What do all these states have in common? They were in the vanguard of retail electricity deregulation, the result of which was large additions of gas-fired merchant capacity. They also generally have higher electricity rates than other states, especially in the population centers. The convergence of high energy costs, large fractions of gas-fired capacity in the mix, the end of moratoriums on electricity rate increases as part of restructuring, and capital needs for infrastructure expansion programs has led to sizable rate increases in these states (and, for that matter, around the country). It remains to be seen how long escalating rates can coexist with the development of relatively high-cost capacity such as wind power.
Similarity #6: O&M issues
The average wind energy project has a capacity factor of 35% or less. This magnifies the negative effect of any outage, planned or unplanned, on project financials. At the annual American Wind Energy Association conference in Pittsburgh in May of this year, more than one Wall Street analyst reported that the industry’s top issue, after supply chain concerns, is the quality and reliability of turbines.
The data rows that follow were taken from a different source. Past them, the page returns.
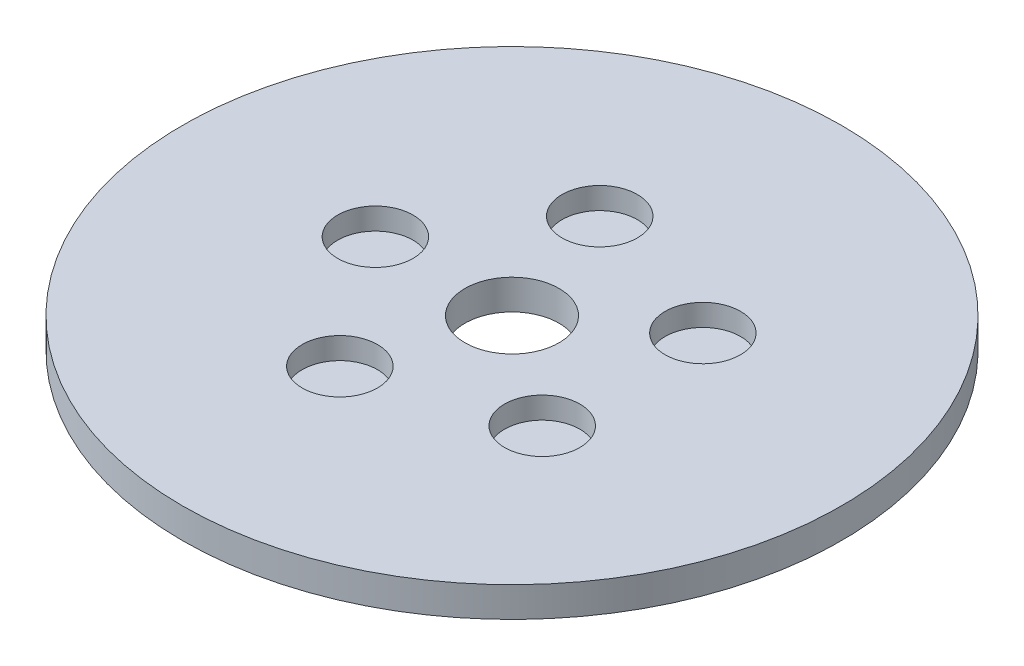
ISO-10303-21;
HEADER;
FILE_DESCRIPTION(('STEP AP214'),'2;1');
FILE_NAME('part.step','',(''),(''),'','','');
FILE_SCHEMA(('AUTOMOTIVE_DESIGN { 1 0 10303 214 1 1 1 1 }'));
ENDSEC;
DATA;
#1=APPLICATION_CONTEXT('core data for automotive mechanical design processes');
#2=APPLICATION_PROTOCOL_DEFINITION('international standard','automotive_design',2000,#1);
#3=PRODUCT_CONTEXT('',#1,'mechanical');
#4=PRODUCT('Part','Part','',(#3));
#5=PRODUCT_RELATED_PRODUCT_CATEGORY('part','',(#4));
#6=PRODUCT_DEFINITION_FORMATION('','',#4);
#7=PRODUCT_DEFINITION_CONTEXT('part definition',#1,'design');
#8=PRODUCT_DEFINITION('design','',#6,#7);
#9=PRODUCT_DEFINITION_SHAPE('','',#8);
#10=(LENGTH_UNIT() NAMED_UNIT(*) SI_UNIT(.MILLI.,.METRE.));
#11=(NAMED_UNIT(*) PLANE_ANGLE_UNIT() SI_UNIT($,.RADIAN.));
#12=(NAMED_UNIT(*) SI_UNIT($,.STERADIAN.) SOLID_ANGLE_UNIT());
#13=UNCERTAINTY_MEASURE_WITH_UNIT(LENGTH_MEASURE(1.E-05),#10,'distance_accuracy_value','');
#14=(GEOMETRIC_REPRESENTATION_CONTEXT(3) GLOBAL_UNCERTAINTY_ASSIGNED_CONTEXT((#13)) GLOBAL_UNIT_ASSIGNED_CONTEXT((#10,
#11,#12)) REPRESENTATION_CONTEXT('',''));
#15=CARTESIAN_POINT('',(0.,0.,0.));
#16=DIRECTION('',(0.,0.,1.));
#17=DIRECTION('',(1.,0.,0.));
#18=AXIS2_PLACEMENT_3D('',#15,#16,#17);
#19=CARTESIAN_POINT('',(0.,8.,0.));
#20=DIRECTION('',(0.,-1.,0.));
#21=DIRECTION('',(0.,0.,-1.));
#22=AXIS2_PLACEMENT_3D('',#19,#20,#21);
#23=CYLINDRICAL_SURFACE('',#22,87.5);
#24=CARTESIAN_POINT('',(0.,8.,0.));
#25=DIRECTION('',(0.,1.,0.));
#26=DIRECTION('',(0.,0.,1.));
#27=AXIS2_PLACEMENT_3D('',#24,#25,#26);
#28=CIRCLE('',#27,87.5);
#29=CARTESIAN_POINT('',(0.,8.,87.5));
#30=VERTEX_POINT('',#29);
#31=EDGE_CURVE('E10',#30,#30,#28,.T.);
#32=ORIENTED_EDGE('',*,*,#31,.F.);
#33=EDGE_LOOP('',(#32));
#34=FACE_BOUND('',#33,.T.);
#35=CARTESIAN_POINT('',(0.,0.,0.));
#36=DIRECTION('',(0.,1.,0.));
#37=DIRECTION('',(0.,0.,1.));
#38=AXIS2_PLACEMENT_3D('',#35,#36,#37);
#39=CIRCLE('',#38,87.5);
#40=CARTESIAN_POINT('',(0.,0.,87.5));
#41=VERTEX_POINT('',#40);
#42=EDGE_CURVE('E37',#41,#41,#39,.T.);
#43=ORIENTED_EDGE('',*,*,#42,.T.);
#44=EDGE_LOOP('',(#43));
#45=FACE_BOUND('',#44,.T.);
#46=ADVANCED_FACE('F40',(#34,#45),#23,.T.);
#47=CARTESIAN_POINT('',(0.,8.,0.));
#48=DIRECTION('',(0.,1.,0.));
#49=DIRECTION('',(0.,0.,1.));
#50=AXIS2_PLACEMENT_3D('',#47,#48,#49);
#51=PLANE('',#50);
#52=CARTESIAN_POINT('',(-11.2094763223504,8.,-34.4992207376524));
#53=DIRECTION('',(0.,1.,0.));
#54=DIRECTION('',(-0.95105651629515,0.,0.309016994374958));
#55=AXIS2_PLACEMENT_3D('',#52,#53,#54);
#56=CIRCLE('',#55,10.);
#57=CARTESIAN_POINT('',(-20.7200414853019,8.,-31.4090507939028));
#58=VERTEX_POINT('',#57);
#59=EDGE_CURVE('E70',#58,#58,#56,.T.);
#60=ORIENTED_EDGE('',*,*,#59,.F.);
#61=EDGE_LOOP('',(#60));
#62=FACE_BOUND('',#61,.T.);
#63=CARTESIAN_POINT('',(29.3467900079994,8.,-21.3216910012548));
#64=DIRECTION('',(0.,1.,0.));
#65=DIRECTION('',(-0.58778525229248,0.,-0.809016994374942));
#66=AXIS2_PLACEMENT_3D('',#63,#64,#65);
#67=CIRCLE('',#66,10.);
#68=CARTESIAN_POINT('',(23.4689374850746,8.,-29.4118609450042));
#69=VERTEX_POINT('',#68);
#70=EDGE_CURVE('E71',#69,#69,#67,.T.);
#71=ORIENTED_EDGE('',*,*,#70,.F.);
#72=EDGE_LOOP('',(#71));
#73=FACE_BOUND('',#72,.T.);
#74=CARTESIAN_POINT('',(29.3467900079997,8.,21.3216910012543));
#75=DIRECTION('',(0.,1.,0.));
#76=DIRECTION('',(0.587785252292469,0.,-0.809016994374951));
#77=AXIS2_PLACEMENT_3D('',#74,#75,#76);
#78=CIRCLE('',#77,10.);
#79=CARTESIAN_POINT('',(35.2246425309244,8.,13.2315210575048));
#80=VERTEX_POINT('',#79);
#81=EDGE_CURVE('E78',#80,#80,#78,.T.);
#82=ORIENTED_EDGE('',*,*,#81,.F.);
#83=EDGE_LOOP('',(#82));
#84=FACE_BOUND('',#83,.T.);
#85=CARTESIAN_POINT('',(-11.20947632235,8.,34.4992207376526));
#86=DIRECTION('',(0.,1.,0.));
#87=DIRECTION('',(0.951056516295155,0.,0.309016994374945));
#88=AXIS2_PLACEMENT_3D('',#85,#86,#87);
#89=CIRCLE('',#88,10.);
#90=CARTESIAN_POINT('',(-1.69891115939841,8.,37.589390681402));
#91=VERTEX_POINT('',#90);
#92=EDGE_CURVE('E61',#91,#91,#89,.T.);
#93=ORIENTED_EDGE('',*,*,#92,.F.);
#94=EDGE_LOOP('',(#93));
#95=FACE_BOUND('',#94,.T.);
#96=CARTESIAN_POINT('',(-36.2746273712991,8.,0.));
#97=DIRECTION('',(0.,1.,0.));
#98=DIRECTION('',(0.,0.,1.));
#99=AXIS2_PLACEMENT_3D('',#96,#97,#98);
#100=CIRCLE('',#99,10.);
#101=CARTESIAN_POINT('',(-36.2746273712991,8.,10.));
#102=VERTEX_POINT('',#101);
#103=EDGE_CURVE('E54',#102,#102,#100,.T.);
#104=ORIENTED_EDGE('',*,*,#103,.F.);
#105=EDGE_LOOP('',(#104));
#106=FACE_BOUND('',#105,.T.);
#107=CARTESIAN_POINT('',(0.,8.,0.));
#108=DIRECTION('',(0.,1.,0.));
#109=DIRECTION('',(0.,0.,1.));
#110=AXIS2_PLACEMENT_3D('',#107,#108,#109);
#111=CIRCLE('',#110,12.5);
#112=CARTESIAN_POINT('',(0.,8.,12.5));
#113=VERTEX_POINT('',#112);
#114=EDGE_CURVE('E50',#113,#113,#111,.T.);
#115=ORIENTED_EDGE('',*,*,#114,.F.);
#116=EDGE_LOOP('',(#115));
#117=FACE_BOUND('',#116,.T.);
#118=ORIENTED_EDGE('',*,*,#31,.T.);
#119=EDGE_LOOP('',(#118));
#120=FACE_BOUND('',#119,.T.);
#121=ADVANCED_FACE('F94',(#62,#73,#84,#95,#106,#117,#120),#51,.T.);
#122=CARTESIAN_POINT('',(0.,0.,0.));
#123=DIRECTION('',(0.,1.,0.));
#124=DIRECTION('',(0.,0.,1.));
#125=AXIS2_PLACEMENT_3D('',#122,#123,#124);
#126=PLANE('',#125);
#127=CARTESIAN_POINT('',(0.,0.,0.));
#128=DIRECTION('',(0.,1.,0.));
#129=DIRECTION('',(0.,0.,1.));
#130=AXIS2_PLACEMENT_3D('',#127,#128,#129);
#131=CIRCLE('',#130,12.5);
#132=CARTESIAN_POINT('',(0.,0.,12.5));
#133=VERTEX_POINT('',#132);
#134=EDGE_CURVE('E47',#133,#133,#131,.T.);
#135=ORIENTED_EDGE('',*,*,#134,.T.);
#136=EDGE_LOOP('',(#135));
#137=FACE_BOUND('',#136,.T.);
#138=ORIENTED_EDGE('',*,*,#42,.F.);
#139=EDGE_LOOP('',(#138));
#140=FACE_BOUND('',#139,.T.);
#141=ADVANCED_FACE('F100',(#137,#140),#126,.F.);
#142=CARTESIAN_POINT('',(0.,8.,0.));
#143=DIRECTION('',(0.,-1.,0.));
#144=DIRECTION('',(0.,0.,-1.));
#145=AXIS2_PLACEMENT_3D('',#142,#143,#144);
#146=CYLINDRICAL_SURFACE('',#145,12.5);
#147=ORIENTED_EDGE('',*,*,#114,.T.);
#148=EDGE_LOOP('',(#147));
#149=FACE_BOUND('',#148,.T.);
#150=ORIENTED_EDGE('',*,*,#134,.F.);
#151=EDGE_LOOP('',(#150));
#152=FACE_BOUND('',#151,.T.);
#153=ADVANCED_FACE('F106',(#149,#152),#146,.F.);
#154=CARTESIAN_POINT('',(-36.2746273712991,2.21913968005608,0.));
#155=DIRECTION('',(0.,1.,0.));
#156=DIRECTION('',(0.,0.,1.));
#157=AXIS2_PLACEMENT_3D('',#154,#155,#156);
#158=CYLINDRICAL_SURFACE('',#157,10.);
#159=CARTESIAN_POINT('',(-36.2746273712991,2.21913968005608,0.));
#160=DIRECTION('',(0.,1.,0.));
#161=DIRECTION('',(0.,0.,1.));
#162=AXIS2_PLACEMENT_3D('',#159,#160,#161);
#163=CIRCLE('',#162,10.);
#164=CARTESIAN_POINT('',(-36.2746273712991,2.21913968005608,10.));
#165=VERTEX_POINT('',#164);
#166=EDGE_CURVE('E55',#165,#165,#163,.T.);
#167=ORIENTED_EDGE('',*,*,#166,.F.);
#168=EDGE_LOOP('',(#167));
#169=FACE_BOUND('',#168,.T.);
#170=ORIENTED_EDGE('',*,*,#103,.T.);
#171=EDGE_LOOP('',(#170));
#172=FACE_BOUND('',#171,.T.);
#173=ADVANCED_FACE('F108',(#169,#172),#158,.F.);
#174=CARTESIAN_POINT('',(-36.2746273712991,2.21913968005608,0.));
#175=DIRECTION('',(0.,1.,0.));
#176=DIRECTION('',(0.,0.,1.));
#177=AXIS2_PLACEMENT_3D('',#174,#175,#176);
#178=PLANE('',#177);
#179=ORIENTED_EDGE('',*,*,#166,.T.);
#180=EDGE_LOOP('',(#179));
#181=FACE_BOUND('',#180,.T.);
#182=ADVANCED_FACE('F138',(#181),#178,.T.);
#183=CARTESIAN_POINT('',(-11.20947632235,2.21913968005608,34.4992207376526));
#184=DIRECTION('',(0.,1.,0.));
#185=DIRECTION('',(0.,0.,1.));
#186=AXIS2_PLACEMENT_3D('',#183,#184,#185);
#187=CYLINDRICAL_SURFACE('',#186,10.);
#188=CARTESIAN_POINT('',(-11.20947632235,2.21913968005608,34.4992207376526));
#189=DIRECTION('',(0.,1.,0.));
#190=DIRECTION('',(0.951056516295155,0.,0.309016994374945));
#191=AXIS2_PLACEMENT_3D('',#188,#189,#190);
#192=CIRCLE('',#191,10.);
#193=CARTESIAN_POINT('',(-1.69891115939841,2.21913968005608,37.589390681402));
#194=VERTEX_POINT('',#193);
#195=EDGE_CURVE('E59',#194,#194,#192,.T.);
#196=ORIENTED_EDGE('',*,*,#195,.F.);
#197=EDGE_LOOP('',(#196));
#198=FACE_BOUND('',#197,.T.);
#199=ORIENTED_EDGE('',*,*,#92,.T.);
#200=EDGE_LOOP('',(#199));
#201=FACE_BOUND('',#200,.T.);
#202=ADVANCED_FACE('F150',(#198,#201),#187,.F.);
#203=CARTESIAN_POINT('',(-11.20947632235,2.21913968005608,34.4992207376526));
#204=DIRECTION('',(0.,1.,0.));
#205=DIRECTION('',(0.951056516295155,0.,0.309016994374945));
#206=AXIS2_PLACEMENT_3D('',#203,#204,#205);
#207=PLANE('',#206);
#208=ORIENTED_EDGE('',*,*,#195,.T.);
#209=EDGE_LOOP('',(#208));
#210=FACE_BOUND('',#209,.T.);
#211=ADVANCED_FACE('F89',(#210),#207,.T.);
#212=CARTESIAN_POINT('',(29.3467900079997,2.21913968005608,21.3216910012543));
#213=DIRECTION('',(0.,1.,0.));
#214=DIRECTION('',(0.,0.,1.));
#215=AXIS2_PLACEMENT_3D('',#212,#213,#214);
#216=CYLINDRICAL_SURFACE('',#215,10.);
#217=CARTESIAN_POINT('',(29.3467900079997,2.21913968005608,21.3216910012543));
#218=DIRECTION('',(0.,1.,0.));
#219=DIRECTION('',(0.587785252292469,0.,-0.809016994374951));
#220=AXIS2_PLACEMENT_3D('',#217,#218,#219);
#221=CIRCLE('',#220,10.);
#222=CARTESIAN_POINT('',(35.2246425309244,2.21913968005608,13.2315210575048));
#223=VERTEX_POINT('',#222);
#224=EDGE_CURVE('E63',#223,#223,#221,.T.);
#225=ORIENTED_EDGE('',*,*,#224,.F.);
#226=EDGE_LOOP('',(#225));
#227=FACE_BOUND('',#226,.T.);
#228=ORIENTED_EDGE('',*,*,#81,.T.);
#229=EDGE_LOOP('',(#228));
#230=FACE_BOUND('',#229,.T.);
#231=ADVANCED_FACE('F87',(#227,#230),#216,.F.);
#232=CARTESIAN_POINT('',(29.3467900079997,2.21913968005608,21.3216910012543));
#233=DIRECTION('',(0.,1.,0.));
#234=DIRECTION('',(0.587785252292469,0.,-0.809016994374951));
#235=AXIS2_PLACEMENT_3D('',#232,#233,#234);
#236=PLANE('',#235);
#237=ORIENTED_EDGE('',*,*,#224,.T.);
#238=EDGE_LOOP('',(#237));
#239=FACE_BOUND('',#238,.T.);
#240=ADVANCED_FACE('F84',(#239),#236,.T.);
#241=CARTESIAN_POINT('',(29.3467900079994,2.21913968005608,-21.3216910012548));
#242=DIRECTION('',(0.,1.,0.));
#243=DIRECTION('',(0.,0.,1.));
#244=AXIS2_PLACEMENT_3D('',#241,#242,#243);
#245=CYLINDRICAL_SURFACE('',#244,10.);
#246=CARTESIAN_POINT('',(29.3467900079994,2.21913968005608,-21.3216910012548));
#247=DIRECTION('',(0.,1.,0.));
#248=DIRECTION('',(-0.58778525229248,0.,-0.809016994374942));
#249=AXIS2_PLACEMENT_3D('',#246,#247,#248);
#250=CIRCLE('',#249,10.);
#251=CARTESIAN_POINT('',(23.4689374850746,2.21913968005608,-29.4118609450042));
#252=VERTEX_POINT('',#251);
#253=EDGE_CURVE('E76',#252,#252,#250,.T.);
#254=ORIENTED_EDGE('',*,*,#253,.F.);
#255=EDGE_LOOP('',(#254));
#256=FACE_BOUND('',#255,.T.);
#257=ORIENTED_EDGE('',*,*,#70,.T.);
#258=EDGE_LOOP('',(#257));
#259=FACE_BOUND('',#258,.T.);
#260=ADVANCED_FACE('F185',(#256,#259),#245,.F.);
#261=CARTESIAN_POINT('',(29.3467900079994,2.21913968005608,-21.3216910012548));
#262=DIRECTION('',(0.,1.,0.));
#263=DIRECTION('',(-0.58778525229248,0.,-0.809016994374942));
#264=AXIS2_PLACEMENT_3D('',#261,#262,#263);
#265=PLANE('',#264);
#266=ORIENTED_EDGE('',*,*,#253,.T.);
#267=EDGE_LOOP('',(#266));
#268=FACE_BOUND('',#267,.T.);
#269=ADVANCED_FACE('F189',(#268),#265,.T.);
#270=CARTESIAN_POINT('',(-11.2094763223504,2.21913968005608,-34.4992207376524));
#271=DIRECTION('',(0.,1.,0.));
#272=DIRECTION('',(0.,0.,1.));
#273=AXIS2_PLACEMENT_3D('',#270,#271,#272);
#274=CYLINDRICAL_SURFACE('',#273,10.);
#275=CARTESIAN_POINT('',(-11.2094763223504,2.21913968005608,-34.4992207376524));
#276=DIRECTION('',(0.,1.,0.));
#277=DIRECTION('',(-0.95105651629515,0.,0.309016994374958));
#278=AXIS2_PLACEMENT_3D('',#275,#276,#277);
#279=CIRCLE('',#278,10.);
#280=CARTESIAN_POINT('',(-20.7200414853019,2.21913968005608,-31.4090507939028));
#281=VERTEX_POINT('',#280);
#282=EDGE_CURVE('E69',#281,#281,#279,.T.);
#283=ORIENTED_EDGE('',*,*,#282,.F.);
#284=EDGE_LOOP('',(#283));
#285=FACE_BOUND('',#284,.T.);
#286=ORIENTED_EDGE('',*,*,#59,.T.);
#287=EDGE_LOOP('',(#286));
#288=FACE_BOUND('',#287,.T.);
#289=ADVANCED_FACE('F200',(#285,#288),#274,.F.);
#290=CARTESIAN_POINT('',(-11.2094763223504,2.21913968005608,-34.4992207376524));
#291=DIRECTION('',(0.,1.,0.));
#292=DIRECTION('',(-0.95105651629515,0.,0.309016994374958));
#293=AXIS2_PLACEMENT_3D('',#290,#291,#292);
#294=PLANE('',#293);
#295=ORIENTED_EDGE('',*,*,#282,.T.);
#296=EDGE_LOOP('',(#295));
#297=FACE_BOUND('',#296,.T.);
#298=ADVANCED_FACE('F208',(#297),#294,.T.);
#299=CLOSED_SHELL('',(#46,#121,#141,#153,#173,#182,#202,#211,#231,#240,#260,#269,#289,#298));
#300=MANIFOLD_SOLID_BREP('B2',#299);
#301=ADVANCED_BREP_SHAPE_REPRESENTATION('',(#18,#300),#14);
#302=SHAPE_DEFINITION_REPRESENTATION(#9,#301);
ENDSEC;
END-ISO-10303-21;

By now you shouldn’t be surprised that this brings to my mind the worldwide spate of F-class gas turbine recalls circa 1995 to 1997, following the catastrophic failure of several machines. Thankfully, history hasn’t repeated itself for onshore wind turbines. But offshore units in Europe have undergone enough across-the-board repair and modification to constitute a recall.
One organization staying on top of the O&M issues is Sandia National Laboratories. In March 2006, Sandia issued a report titled, "Wind Turbine Reliability: Understanding and Minimizing Wind Turbine Operation and Maintenance Costs." The labs followed up with a workshop on the subject in October.
One key passage in the report reads as follows:
- In the late 1990s, manufacturers began to introduce wind turbines in much larger sizes. While the larger kW size machines are being produced by many manufacturers, the new "MW" size machines are being installed in significant numbers. Most major vendors offer turbines in the 1.5 MW size range and are actively developing and installing first versions of 2 MW and 3 MW machines. Most of these larger machines employ technologies that are sufficiently new that the validity of extrapolating data from the ‘standard" machines of the 1990s is questionable. An example of the dramatic difference in technology is the trend toward direct-drive turbines that eliminate the gearbox entirely and employ a low-speed large diameter synchronous generator.
As gas turbines were scaled up, many expected their O&M costs to decline because the new units were extrapolations of current designs. Relative O&M costs do fall after a technology matures via production experience, but the early years are a different story. In addition, the larger size of the machines means that more capacity fails to generate (more) revenue whenever one goes down.
The Sandia report goes on to state that the track record of upsized machines does not justify downward extrapolation of O&M costs. It references data from the German insurance industry, which estimates the incremental O&M cost of a megawatt-class machine at 1.0 cents/kWh, or $25,000 per year per machine.
Here’s another passage from the Sandia report that harkens back to the heyday of gas turbine development: "There exist large fleets of similar model turbines but in many cases detailed changes and revisions have been implemented, often in response to serial defects." Those who remember the parade of engineering solutions to problems with large gas turbines surely will get a sense of déjà vu from this statement.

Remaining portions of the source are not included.